Task directions: Whenever a line in the entries below contains "hdlcoder", copy that line.

Records shown:
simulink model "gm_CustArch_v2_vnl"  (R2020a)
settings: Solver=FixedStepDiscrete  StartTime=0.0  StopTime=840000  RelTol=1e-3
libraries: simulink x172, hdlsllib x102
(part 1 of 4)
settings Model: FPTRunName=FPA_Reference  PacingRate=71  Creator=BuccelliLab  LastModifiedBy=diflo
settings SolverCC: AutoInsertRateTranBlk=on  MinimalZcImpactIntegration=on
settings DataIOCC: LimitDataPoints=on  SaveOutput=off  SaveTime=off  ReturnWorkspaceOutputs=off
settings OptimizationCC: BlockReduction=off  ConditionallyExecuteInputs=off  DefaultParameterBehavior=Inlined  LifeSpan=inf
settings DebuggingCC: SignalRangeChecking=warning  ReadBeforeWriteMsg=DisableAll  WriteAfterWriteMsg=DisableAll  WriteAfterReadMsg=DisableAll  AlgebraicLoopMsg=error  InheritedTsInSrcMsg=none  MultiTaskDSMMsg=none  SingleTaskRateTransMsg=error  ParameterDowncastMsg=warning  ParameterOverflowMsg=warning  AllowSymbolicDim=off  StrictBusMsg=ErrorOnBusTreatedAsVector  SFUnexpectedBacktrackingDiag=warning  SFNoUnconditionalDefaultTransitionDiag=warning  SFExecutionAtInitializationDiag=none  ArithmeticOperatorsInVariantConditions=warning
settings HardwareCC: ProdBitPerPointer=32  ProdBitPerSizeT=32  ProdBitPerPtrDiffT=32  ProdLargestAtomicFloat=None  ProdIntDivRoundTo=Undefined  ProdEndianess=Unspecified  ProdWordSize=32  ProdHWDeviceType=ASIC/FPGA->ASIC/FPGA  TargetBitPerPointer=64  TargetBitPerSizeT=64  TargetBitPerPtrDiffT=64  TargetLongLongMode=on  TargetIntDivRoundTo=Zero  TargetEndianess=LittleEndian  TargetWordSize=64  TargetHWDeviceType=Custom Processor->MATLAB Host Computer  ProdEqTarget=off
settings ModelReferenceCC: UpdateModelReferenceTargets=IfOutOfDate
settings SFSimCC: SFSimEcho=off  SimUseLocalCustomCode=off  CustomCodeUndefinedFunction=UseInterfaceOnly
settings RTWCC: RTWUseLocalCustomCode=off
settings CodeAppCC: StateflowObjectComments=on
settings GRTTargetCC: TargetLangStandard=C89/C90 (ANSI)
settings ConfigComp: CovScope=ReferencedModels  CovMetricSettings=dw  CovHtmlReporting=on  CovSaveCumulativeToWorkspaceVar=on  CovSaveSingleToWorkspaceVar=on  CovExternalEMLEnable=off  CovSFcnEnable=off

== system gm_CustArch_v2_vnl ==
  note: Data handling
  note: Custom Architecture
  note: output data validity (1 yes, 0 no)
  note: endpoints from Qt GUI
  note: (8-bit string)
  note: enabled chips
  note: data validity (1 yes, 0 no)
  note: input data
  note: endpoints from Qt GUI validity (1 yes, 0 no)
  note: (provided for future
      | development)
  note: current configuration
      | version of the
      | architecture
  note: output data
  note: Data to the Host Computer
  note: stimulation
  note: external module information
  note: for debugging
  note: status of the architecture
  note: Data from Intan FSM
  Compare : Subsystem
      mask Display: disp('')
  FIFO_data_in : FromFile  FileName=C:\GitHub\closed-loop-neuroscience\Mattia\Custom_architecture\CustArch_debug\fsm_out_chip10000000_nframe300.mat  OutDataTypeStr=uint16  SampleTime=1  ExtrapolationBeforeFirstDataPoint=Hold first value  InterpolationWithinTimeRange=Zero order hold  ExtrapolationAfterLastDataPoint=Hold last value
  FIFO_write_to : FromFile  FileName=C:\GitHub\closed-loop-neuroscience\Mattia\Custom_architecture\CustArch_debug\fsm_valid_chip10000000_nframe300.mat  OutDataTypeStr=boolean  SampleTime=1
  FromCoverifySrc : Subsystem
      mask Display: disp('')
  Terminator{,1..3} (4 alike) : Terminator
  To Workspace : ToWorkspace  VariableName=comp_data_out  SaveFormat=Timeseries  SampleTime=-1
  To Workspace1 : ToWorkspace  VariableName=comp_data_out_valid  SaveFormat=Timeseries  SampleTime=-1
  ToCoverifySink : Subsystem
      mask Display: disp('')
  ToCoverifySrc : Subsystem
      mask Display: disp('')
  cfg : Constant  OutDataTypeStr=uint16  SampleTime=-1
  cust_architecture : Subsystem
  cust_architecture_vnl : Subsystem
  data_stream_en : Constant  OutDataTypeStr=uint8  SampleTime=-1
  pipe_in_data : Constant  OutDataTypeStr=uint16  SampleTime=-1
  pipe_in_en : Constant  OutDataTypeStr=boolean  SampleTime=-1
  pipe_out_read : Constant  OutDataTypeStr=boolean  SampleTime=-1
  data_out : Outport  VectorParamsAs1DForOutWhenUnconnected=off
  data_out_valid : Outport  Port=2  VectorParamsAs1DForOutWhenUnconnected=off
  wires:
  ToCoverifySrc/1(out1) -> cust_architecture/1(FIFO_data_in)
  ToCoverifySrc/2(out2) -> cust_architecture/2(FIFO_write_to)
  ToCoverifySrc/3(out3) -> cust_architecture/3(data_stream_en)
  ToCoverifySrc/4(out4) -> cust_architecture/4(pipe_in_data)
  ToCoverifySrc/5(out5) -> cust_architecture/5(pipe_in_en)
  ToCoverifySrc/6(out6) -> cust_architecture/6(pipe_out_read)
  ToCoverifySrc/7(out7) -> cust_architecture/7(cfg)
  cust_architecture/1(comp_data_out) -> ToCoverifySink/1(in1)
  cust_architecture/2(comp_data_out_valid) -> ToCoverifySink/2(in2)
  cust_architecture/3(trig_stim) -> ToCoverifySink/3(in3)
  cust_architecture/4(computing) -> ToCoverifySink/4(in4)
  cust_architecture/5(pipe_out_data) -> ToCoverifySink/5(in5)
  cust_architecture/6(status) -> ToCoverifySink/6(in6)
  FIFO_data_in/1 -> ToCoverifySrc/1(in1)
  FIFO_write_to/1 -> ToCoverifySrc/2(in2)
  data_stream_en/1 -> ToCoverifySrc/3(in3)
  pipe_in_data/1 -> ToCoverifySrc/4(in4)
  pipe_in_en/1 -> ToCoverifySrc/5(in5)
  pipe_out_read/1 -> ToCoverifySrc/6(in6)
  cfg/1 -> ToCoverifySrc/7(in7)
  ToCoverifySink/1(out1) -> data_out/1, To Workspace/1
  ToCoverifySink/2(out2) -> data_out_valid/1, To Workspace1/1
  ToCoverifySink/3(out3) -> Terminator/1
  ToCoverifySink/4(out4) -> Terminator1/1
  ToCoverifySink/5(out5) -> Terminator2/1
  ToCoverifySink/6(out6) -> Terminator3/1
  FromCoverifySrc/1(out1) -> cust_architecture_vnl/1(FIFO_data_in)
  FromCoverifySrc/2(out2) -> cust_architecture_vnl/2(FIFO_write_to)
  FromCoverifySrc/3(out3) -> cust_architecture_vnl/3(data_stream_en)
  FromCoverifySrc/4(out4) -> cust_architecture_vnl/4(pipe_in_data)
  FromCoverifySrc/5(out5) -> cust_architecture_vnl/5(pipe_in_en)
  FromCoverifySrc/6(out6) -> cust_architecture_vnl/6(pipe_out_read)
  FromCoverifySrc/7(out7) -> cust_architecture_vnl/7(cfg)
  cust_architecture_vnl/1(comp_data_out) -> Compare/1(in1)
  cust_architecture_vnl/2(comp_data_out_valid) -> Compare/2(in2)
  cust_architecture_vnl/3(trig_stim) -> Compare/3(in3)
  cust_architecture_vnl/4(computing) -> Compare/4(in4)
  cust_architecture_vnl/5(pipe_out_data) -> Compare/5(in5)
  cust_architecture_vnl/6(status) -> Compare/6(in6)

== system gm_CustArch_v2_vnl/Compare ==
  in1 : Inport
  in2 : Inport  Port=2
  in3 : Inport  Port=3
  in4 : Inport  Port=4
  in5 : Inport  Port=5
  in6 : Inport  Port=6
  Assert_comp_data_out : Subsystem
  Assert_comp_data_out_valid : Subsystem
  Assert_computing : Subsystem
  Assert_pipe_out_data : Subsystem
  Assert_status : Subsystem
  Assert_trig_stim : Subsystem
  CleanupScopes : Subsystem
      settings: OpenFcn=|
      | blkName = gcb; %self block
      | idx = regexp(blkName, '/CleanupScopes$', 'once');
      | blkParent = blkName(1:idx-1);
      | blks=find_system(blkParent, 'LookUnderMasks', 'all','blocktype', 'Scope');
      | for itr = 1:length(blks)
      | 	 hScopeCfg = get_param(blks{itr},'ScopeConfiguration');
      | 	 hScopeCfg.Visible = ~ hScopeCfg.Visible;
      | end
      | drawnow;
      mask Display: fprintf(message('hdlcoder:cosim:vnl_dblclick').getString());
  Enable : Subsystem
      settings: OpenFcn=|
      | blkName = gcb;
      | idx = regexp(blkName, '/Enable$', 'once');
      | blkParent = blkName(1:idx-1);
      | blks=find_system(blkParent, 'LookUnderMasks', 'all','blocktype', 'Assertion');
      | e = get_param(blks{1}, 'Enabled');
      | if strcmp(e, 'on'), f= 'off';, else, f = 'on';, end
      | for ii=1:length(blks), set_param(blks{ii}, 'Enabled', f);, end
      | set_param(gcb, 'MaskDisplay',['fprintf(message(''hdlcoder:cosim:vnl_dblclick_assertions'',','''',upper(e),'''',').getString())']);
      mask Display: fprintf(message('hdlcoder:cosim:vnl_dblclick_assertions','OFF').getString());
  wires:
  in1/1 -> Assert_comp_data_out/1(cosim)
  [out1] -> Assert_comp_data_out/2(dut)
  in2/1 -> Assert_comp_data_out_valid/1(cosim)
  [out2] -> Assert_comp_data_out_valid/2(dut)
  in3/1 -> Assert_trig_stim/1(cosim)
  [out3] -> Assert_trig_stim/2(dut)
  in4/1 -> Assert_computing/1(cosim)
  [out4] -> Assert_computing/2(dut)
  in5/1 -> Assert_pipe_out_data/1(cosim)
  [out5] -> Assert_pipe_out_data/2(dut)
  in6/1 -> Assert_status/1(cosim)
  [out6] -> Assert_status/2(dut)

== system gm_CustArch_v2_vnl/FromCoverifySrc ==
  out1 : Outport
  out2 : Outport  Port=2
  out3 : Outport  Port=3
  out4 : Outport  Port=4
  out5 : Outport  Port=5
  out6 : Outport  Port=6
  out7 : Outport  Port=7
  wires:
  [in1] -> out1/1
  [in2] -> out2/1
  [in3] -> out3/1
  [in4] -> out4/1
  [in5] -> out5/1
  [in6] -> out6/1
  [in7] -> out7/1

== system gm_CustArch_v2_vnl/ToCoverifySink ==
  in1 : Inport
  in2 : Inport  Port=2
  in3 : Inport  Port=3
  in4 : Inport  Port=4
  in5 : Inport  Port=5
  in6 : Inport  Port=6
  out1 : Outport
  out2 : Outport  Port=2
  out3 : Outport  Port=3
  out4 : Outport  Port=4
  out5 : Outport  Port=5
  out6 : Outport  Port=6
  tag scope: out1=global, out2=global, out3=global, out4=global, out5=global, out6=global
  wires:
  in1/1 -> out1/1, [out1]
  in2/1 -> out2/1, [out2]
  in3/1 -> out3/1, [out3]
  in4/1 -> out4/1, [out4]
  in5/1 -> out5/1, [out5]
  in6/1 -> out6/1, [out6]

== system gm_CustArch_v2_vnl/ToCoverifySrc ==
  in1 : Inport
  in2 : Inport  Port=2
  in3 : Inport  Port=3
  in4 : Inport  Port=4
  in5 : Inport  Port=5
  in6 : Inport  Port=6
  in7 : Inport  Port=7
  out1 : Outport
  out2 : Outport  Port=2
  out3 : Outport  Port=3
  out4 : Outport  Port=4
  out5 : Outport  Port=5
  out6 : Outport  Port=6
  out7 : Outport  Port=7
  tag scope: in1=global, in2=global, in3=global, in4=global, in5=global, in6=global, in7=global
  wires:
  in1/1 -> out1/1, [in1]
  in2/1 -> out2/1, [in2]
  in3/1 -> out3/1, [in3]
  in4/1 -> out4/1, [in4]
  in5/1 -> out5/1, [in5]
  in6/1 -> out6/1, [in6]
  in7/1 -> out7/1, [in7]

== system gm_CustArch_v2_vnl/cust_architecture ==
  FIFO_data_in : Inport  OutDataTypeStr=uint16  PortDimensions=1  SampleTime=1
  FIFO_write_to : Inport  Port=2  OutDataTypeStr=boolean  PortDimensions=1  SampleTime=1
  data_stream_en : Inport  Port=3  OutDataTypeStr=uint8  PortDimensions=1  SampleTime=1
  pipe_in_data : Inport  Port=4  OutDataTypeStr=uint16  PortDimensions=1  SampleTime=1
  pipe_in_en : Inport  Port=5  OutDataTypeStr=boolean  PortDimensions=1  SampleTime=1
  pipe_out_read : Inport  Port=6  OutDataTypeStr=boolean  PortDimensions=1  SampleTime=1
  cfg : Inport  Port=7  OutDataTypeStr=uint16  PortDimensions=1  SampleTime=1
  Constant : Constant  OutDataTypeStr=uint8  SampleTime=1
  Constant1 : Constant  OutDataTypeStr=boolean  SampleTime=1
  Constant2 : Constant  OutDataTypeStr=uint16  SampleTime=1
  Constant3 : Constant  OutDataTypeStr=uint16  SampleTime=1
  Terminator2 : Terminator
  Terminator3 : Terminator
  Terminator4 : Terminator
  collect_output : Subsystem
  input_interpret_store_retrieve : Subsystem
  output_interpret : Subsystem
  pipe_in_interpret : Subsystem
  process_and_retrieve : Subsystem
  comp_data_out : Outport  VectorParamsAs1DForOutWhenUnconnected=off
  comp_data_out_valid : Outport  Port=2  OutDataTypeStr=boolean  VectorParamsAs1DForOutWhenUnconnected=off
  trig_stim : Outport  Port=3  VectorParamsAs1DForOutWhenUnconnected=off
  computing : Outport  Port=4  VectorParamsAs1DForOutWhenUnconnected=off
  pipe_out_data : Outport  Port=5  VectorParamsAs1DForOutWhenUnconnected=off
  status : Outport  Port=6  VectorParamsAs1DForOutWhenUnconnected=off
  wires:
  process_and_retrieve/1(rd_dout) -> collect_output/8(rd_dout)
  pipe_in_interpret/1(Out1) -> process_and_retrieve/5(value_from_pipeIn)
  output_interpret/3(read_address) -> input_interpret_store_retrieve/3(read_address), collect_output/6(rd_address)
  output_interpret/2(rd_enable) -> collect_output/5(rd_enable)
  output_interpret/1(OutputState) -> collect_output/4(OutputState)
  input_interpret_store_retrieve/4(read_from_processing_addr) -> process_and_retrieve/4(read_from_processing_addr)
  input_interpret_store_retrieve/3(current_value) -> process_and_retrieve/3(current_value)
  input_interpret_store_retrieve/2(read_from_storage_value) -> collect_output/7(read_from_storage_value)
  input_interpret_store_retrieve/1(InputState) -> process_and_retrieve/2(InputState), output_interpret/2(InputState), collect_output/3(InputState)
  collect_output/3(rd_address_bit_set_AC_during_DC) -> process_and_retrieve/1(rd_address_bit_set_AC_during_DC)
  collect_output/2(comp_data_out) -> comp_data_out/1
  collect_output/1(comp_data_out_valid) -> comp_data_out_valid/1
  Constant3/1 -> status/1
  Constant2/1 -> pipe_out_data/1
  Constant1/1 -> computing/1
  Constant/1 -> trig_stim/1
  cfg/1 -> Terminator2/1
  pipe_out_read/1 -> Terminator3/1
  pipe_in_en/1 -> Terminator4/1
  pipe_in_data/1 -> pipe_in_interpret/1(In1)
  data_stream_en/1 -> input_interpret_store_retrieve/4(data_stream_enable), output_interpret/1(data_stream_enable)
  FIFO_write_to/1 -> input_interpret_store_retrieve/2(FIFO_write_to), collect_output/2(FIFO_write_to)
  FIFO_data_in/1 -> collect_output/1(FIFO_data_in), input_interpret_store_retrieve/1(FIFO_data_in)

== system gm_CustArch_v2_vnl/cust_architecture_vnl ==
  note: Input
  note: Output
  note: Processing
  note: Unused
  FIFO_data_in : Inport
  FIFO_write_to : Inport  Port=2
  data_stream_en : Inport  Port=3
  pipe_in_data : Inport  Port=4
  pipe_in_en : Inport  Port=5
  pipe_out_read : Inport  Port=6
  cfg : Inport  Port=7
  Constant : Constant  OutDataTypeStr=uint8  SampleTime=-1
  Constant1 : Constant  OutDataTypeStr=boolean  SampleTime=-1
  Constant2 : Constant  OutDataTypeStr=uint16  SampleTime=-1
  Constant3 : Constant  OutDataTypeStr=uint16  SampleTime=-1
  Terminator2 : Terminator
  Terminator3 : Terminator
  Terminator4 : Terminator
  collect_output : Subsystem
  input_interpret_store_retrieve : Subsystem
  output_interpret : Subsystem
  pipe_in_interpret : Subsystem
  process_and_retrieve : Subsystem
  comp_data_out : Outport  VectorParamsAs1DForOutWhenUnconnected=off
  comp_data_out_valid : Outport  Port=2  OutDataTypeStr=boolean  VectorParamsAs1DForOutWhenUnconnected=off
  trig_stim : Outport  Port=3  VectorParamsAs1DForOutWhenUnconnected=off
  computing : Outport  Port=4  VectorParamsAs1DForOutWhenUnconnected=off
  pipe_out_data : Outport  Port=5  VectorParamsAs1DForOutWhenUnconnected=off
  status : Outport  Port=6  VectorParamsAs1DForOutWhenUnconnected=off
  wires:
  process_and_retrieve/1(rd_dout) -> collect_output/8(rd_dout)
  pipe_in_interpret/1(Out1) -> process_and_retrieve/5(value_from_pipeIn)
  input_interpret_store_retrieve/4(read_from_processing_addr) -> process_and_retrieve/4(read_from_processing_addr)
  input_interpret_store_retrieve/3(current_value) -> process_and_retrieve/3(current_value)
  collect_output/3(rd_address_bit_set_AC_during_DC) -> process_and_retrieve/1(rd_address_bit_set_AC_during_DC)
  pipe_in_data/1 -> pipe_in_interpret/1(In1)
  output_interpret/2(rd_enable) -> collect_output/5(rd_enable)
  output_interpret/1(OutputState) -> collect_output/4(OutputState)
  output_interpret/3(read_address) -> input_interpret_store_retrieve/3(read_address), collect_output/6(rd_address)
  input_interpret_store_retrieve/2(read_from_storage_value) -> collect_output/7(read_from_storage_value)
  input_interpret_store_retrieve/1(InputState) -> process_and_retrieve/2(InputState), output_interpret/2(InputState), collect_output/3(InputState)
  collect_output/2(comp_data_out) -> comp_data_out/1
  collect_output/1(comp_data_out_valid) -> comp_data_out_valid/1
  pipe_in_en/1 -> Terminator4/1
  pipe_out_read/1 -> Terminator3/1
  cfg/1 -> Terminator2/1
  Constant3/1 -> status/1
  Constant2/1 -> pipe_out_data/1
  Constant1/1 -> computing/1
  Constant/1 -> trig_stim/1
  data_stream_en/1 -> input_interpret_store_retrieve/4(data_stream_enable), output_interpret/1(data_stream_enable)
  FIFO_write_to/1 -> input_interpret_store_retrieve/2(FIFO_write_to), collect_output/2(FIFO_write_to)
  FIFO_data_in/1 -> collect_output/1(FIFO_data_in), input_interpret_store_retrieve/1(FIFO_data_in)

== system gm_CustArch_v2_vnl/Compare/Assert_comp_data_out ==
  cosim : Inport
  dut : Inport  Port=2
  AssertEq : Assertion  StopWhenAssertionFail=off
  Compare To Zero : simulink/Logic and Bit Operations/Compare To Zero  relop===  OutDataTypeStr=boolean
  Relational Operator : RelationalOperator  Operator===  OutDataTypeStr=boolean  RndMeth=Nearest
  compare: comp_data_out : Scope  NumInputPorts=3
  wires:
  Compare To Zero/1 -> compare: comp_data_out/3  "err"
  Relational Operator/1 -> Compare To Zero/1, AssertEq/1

Task answer:
      mask Display: fprintf(message('hdlcoder:cosim:vnl_dblclick').getString());
      | set_param(gcb, 'MaskDisplay',['fprintf(message(''hdlcoder:cosim:vnl_dblclick_assertions'',','''',upper(e),'''',').getString())']);
      mask Display: fprintf(message('hdlcoder:cosim:vnl_dblclick_assertions','OFF').getString());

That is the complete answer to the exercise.